YOUR TASK - Restate word for word the entries below, starting with the line with "libraries: robotlib x6, sharedtransform x1" and continuing through the line with "settings DebuggingCC: ParameterTunabilityLossMsg=error". Include both of those lines and no others.

(Saved data entries)
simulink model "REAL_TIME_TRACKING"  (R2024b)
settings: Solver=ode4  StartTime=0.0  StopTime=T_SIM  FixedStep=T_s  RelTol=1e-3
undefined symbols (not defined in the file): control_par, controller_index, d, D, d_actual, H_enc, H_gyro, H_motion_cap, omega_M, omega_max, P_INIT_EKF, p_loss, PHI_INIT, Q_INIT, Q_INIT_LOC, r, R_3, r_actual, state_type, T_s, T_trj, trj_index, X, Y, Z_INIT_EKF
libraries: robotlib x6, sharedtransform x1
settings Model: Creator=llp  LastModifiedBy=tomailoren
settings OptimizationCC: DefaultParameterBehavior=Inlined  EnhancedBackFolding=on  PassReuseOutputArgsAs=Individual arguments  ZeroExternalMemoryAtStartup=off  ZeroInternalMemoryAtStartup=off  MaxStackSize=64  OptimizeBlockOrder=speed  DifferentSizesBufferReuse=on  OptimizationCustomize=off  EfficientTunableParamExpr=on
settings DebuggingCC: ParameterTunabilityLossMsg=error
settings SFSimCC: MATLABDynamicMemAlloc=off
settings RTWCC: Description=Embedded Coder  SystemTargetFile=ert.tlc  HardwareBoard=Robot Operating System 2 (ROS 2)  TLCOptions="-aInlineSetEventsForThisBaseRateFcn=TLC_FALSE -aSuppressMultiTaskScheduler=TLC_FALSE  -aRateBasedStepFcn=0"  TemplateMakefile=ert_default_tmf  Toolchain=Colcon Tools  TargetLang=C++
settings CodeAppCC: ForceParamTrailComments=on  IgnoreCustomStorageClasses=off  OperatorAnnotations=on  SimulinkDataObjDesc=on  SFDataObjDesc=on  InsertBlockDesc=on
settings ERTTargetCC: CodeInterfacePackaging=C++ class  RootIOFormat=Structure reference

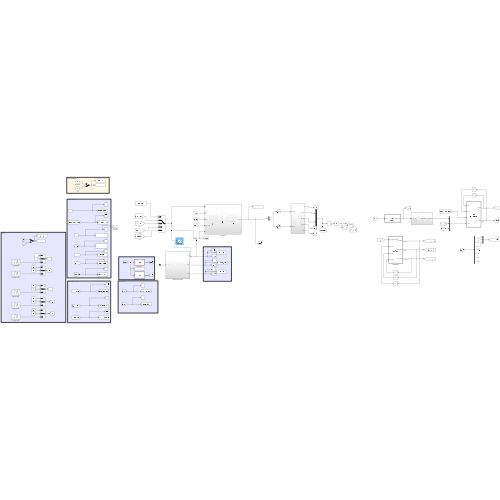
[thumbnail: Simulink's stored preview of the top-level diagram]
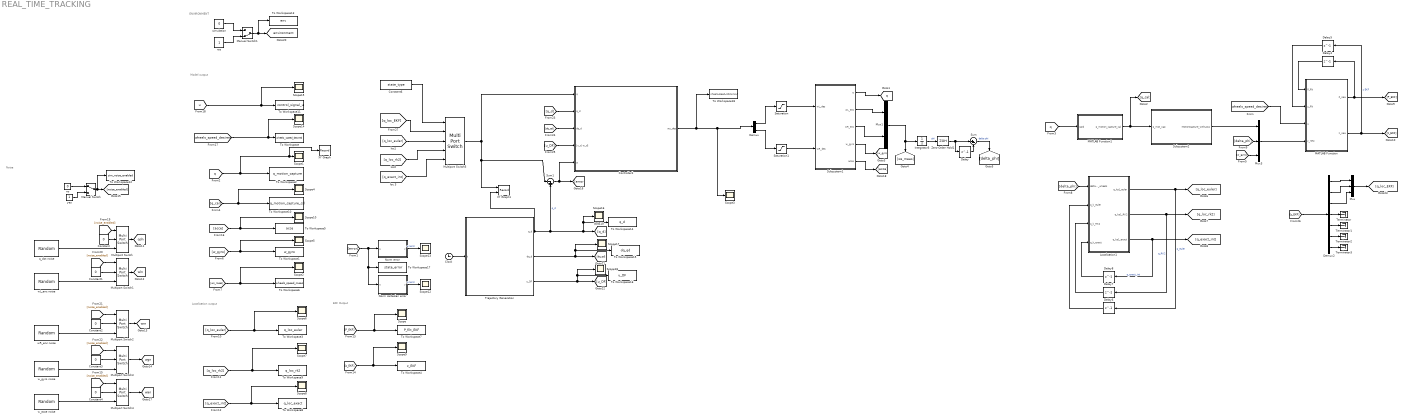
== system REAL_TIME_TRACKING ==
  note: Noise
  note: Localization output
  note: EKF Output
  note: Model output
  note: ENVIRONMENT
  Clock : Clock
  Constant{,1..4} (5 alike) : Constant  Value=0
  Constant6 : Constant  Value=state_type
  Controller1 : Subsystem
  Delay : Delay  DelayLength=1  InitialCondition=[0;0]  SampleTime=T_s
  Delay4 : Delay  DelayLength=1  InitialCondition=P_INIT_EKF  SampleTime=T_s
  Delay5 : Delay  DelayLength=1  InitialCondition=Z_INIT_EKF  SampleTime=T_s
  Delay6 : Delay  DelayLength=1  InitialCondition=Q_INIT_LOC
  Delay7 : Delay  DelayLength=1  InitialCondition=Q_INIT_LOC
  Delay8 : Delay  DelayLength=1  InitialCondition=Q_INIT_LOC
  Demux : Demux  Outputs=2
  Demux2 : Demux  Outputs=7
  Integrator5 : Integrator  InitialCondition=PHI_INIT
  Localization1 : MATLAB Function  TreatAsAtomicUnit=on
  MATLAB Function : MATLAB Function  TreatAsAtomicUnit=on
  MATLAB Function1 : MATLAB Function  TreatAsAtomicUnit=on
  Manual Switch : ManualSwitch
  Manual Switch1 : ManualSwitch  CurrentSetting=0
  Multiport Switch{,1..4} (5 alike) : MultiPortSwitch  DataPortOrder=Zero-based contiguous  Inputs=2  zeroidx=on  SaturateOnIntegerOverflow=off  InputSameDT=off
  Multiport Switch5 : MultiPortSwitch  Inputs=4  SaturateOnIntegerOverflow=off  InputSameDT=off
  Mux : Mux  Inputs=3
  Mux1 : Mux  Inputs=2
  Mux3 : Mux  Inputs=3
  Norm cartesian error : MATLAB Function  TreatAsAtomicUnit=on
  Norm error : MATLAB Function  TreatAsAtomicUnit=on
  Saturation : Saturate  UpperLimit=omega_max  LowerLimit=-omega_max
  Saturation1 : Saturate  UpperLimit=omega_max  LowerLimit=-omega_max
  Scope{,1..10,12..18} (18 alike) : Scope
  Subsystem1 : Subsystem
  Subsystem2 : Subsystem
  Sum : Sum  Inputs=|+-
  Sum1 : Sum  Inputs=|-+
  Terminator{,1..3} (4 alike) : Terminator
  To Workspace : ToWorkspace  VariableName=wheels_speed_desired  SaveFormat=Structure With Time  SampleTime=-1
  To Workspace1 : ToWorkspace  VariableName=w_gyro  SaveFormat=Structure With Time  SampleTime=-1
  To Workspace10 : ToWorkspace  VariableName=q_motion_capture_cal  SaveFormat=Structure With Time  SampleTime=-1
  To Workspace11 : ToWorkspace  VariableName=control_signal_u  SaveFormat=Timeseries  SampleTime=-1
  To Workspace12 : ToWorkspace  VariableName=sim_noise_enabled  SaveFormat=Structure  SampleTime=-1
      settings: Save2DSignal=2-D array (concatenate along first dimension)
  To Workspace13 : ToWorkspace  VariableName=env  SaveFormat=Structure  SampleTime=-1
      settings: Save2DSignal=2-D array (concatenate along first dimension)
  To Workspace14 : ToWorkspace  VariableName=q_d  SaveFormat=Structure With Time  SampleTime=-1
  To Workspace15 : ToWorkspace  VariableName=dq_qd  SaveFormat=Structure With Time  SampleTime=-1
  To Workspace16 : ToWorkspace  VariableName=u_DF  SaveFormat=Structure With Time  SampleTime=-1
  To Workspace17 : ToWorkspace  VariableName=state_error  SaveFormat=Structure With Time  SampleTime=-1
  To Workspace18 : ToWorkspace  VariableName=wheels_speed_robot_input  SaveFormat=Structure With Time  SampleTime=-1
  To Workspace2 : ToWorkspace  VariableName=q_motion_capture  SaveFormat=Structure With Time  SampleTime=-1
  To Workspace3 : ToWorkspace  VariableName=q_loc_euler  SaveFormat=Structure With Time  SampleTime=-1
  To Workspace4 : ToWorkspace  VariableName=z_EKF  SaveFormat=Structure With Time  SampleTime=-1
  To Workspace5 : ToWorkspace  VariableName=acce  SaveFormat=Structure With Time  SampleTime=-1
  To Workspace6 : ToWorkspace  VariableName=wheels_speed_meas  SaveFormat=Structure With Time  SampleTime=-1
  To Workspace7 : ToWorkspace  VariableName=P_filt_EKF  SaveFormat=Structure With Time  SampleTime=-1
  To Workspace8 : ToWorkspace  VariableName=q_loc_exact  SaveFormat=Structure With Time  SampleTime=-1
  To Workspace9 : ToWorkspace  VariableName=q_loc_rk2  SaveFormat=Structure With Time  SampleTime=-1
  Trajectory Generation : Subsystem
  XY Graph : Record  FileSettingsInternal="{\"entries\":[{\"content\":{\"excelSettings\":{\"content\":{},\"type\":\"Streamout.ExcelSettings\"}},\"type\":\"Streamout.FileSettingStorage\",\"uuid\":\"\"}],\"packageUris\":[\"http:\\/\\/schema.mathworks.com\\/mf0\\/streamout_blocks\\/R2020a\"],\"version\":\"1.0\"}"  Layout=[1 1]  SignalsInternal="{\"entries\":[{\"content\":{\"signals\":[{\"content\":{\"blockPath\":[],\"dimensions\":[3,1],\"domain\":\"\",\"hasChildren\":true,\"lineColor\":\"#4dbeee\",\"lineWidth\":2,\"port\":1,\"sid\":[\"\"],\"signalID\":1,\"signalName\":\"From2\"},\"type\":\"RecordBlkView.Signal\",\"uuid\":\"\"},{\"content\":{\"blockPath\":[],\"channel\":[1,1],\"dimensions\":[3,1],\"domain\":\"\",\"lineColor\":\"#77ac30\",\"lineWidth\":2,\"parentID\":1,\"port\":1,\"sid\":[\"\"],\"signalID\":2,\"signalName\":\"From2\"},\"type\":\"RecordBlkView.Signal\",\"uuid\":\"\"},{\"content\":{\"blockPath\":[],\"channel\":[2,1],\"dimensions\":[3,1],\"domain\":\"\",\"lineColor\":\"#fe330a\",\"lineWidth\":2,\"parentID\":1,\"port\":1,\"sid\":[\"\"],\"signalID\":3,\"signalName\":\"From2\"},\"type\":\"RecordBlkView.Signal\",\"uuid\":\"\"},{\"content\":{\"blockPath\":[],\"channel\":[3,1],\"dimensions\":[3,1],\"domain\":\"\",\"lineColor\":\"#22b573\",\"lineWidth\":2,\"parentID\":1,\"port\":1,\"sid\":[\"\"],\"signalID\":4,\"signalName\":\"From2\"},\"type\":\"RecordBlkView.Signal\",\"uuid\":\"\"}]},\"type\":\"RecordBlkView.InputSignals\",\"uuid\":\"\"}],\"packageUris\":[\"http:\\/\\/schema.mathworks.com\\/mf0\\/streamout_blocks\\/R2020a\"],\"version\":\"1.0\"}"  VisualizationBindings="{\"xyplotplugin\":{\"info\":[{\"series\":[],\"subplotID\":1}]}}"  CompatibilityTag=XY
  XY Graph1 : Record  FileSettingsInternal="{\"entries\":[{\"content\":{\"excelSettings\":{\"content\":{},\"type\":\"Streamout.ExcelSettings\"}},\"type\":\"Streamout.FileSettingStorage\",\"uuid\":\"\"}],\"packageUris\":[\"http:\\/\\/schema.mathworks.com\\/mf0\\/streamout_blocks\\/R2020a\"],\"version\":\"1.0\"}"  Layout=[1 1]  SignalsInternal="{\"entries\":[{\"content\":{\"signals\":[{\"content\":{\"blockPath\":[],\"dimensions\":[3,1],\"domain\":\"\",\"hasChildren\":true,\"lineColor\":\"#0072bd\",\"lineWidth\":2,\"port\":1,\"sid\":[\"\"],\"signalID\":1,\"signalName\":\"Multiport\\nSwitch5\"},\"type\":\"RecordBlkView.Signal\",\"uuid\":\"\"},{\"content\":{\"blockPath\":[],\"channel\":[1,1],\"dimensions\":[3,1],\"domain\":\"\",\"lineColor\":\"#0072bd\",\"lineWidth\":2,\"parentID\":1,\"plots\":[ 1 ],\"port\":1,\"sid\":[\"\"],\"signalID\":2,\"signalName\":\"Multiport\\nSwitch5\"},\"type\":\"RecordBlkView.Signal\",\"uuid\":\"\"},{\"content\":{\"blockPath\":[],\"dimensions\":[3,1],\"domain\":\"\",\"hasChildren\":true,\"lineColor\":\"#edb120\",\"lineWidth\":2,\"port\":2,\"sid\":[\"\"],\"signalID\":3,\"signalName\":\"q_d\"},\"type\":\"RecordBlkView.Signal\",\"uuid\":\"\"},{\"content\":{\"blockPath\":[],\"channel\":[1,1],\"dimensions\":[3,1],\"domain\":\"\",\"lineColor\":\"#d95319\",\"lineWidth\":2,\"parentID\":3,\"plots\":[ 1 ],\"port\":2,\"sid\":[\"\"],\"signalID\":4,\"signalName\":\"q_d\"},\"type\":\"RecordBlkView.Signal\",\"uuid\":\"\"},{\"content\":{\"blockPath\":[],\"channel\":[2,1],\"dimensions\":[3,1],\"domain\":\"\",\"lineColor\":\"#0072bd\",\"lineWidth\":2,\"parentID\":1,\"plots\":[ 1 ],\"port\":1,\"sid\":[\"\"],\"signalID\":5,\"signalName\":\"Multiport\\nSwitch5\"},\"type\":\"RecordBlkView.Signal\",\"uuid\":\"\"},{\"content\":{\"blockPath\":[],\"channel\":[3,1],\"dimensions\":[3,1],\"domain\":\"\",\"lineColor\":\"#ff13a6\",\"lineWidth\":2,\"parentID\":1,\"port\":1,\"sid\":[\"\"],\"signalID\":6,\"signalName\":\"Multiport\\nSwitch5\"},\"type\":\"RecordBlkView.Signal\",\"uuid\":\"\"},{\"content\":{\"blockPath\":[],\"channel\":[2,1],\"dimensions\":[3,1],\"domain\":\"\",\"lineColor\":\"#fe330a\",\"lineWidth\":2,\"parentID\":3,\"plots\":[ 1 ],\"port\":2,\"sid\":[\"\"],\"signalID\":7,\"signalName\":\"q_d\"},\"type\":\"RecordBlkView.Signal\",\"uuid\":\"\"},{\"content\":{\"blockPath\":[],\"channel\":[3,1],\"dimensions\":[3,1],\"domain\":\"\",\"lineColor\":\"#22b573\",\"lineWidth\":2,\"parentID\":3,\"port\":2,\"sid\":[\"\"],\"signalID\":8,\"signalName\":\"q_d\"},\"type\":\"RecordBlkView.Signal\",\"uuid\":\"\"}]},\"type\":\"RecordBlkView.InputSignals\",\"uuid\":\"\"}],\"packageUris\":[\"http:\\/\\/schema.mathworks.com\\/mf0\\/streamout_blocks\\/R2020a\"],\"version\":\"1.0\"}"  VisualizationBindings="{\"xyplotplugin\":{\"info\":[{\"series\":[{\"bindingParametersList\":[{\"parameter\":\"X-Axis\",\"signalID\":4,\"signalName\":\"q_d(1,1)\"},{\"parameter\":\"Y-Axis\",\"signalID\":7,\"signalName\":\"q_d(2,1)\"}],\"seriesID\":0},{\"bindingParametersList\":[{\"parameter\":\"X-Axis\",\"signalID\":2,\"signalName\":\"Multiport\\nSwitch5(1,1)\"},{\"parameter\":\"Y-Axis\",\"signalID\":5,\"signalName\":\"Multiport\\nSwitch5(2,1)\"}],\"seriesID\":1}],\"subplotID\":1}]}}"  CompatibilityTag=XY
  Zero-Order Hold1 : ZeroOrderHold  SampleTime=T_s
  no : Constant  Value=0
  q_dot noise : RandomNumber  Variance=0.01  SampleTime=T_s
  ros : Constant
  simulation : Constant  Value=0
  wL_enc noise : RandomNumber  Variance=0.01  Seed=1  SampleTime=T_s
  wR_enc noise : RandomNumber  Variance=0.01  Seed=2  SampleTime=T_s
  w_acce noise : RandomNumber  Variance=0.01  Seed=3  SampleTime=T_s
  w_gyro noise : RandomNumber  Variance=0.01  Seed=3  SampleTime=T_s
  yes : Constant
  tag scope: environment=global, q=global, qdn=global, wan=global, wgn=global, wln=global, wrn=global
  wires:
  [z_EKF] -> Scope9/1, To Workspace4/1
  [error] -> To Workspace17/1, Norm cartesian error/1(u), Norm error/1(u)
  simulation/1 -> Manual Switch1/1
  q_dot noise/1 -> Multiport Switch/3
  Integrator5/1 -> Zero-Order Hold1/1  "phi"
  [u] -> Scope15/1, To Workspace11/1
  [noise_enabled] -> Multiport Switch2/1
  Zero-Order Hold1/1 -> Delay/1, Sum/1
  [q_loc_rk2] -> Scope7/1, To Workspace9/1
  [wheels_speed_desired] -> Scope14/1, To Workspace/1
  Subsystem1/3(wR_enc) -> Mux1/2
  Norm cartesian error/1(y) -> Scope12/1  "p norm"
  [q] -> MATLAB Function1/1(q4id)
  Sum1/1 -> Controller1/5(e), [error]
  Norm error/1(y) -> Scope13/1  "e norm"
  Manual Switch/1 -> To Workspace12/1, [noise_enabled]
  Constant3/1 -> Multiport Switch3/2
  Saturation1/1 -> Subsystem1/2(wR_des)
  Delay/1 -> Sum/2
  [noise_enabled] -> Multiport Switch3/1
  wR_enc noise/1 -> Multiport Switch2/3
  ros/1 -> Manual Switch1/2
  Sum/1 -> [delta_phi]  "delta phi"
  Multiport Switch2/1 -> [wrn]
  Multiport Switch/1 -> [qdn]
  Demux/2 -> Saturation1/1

WRITTEN RESPONSE -
libraries: robotlib x6, sharedtransform x1
settings Model: Creator=llp  LastModifiedBy=tomailoren
settings OptimizationCC: DefaultParameterBehavior=Inlined  EnhancedBackFolding=on  PassReuseOutputArgsAs=Individual arguments  ZeroExternalMemoryAtStartup=off  ZeroInternalMemoryAtStartup=off  MaxStackSize=64  OptimizeBlockOrder=speed  DifferentSizesBufferReuse=on  OptimizationCustomize=off  EfficientTunableParamExpr=on
settings DebuggingCC: ParameterTunabilityLossMsg=error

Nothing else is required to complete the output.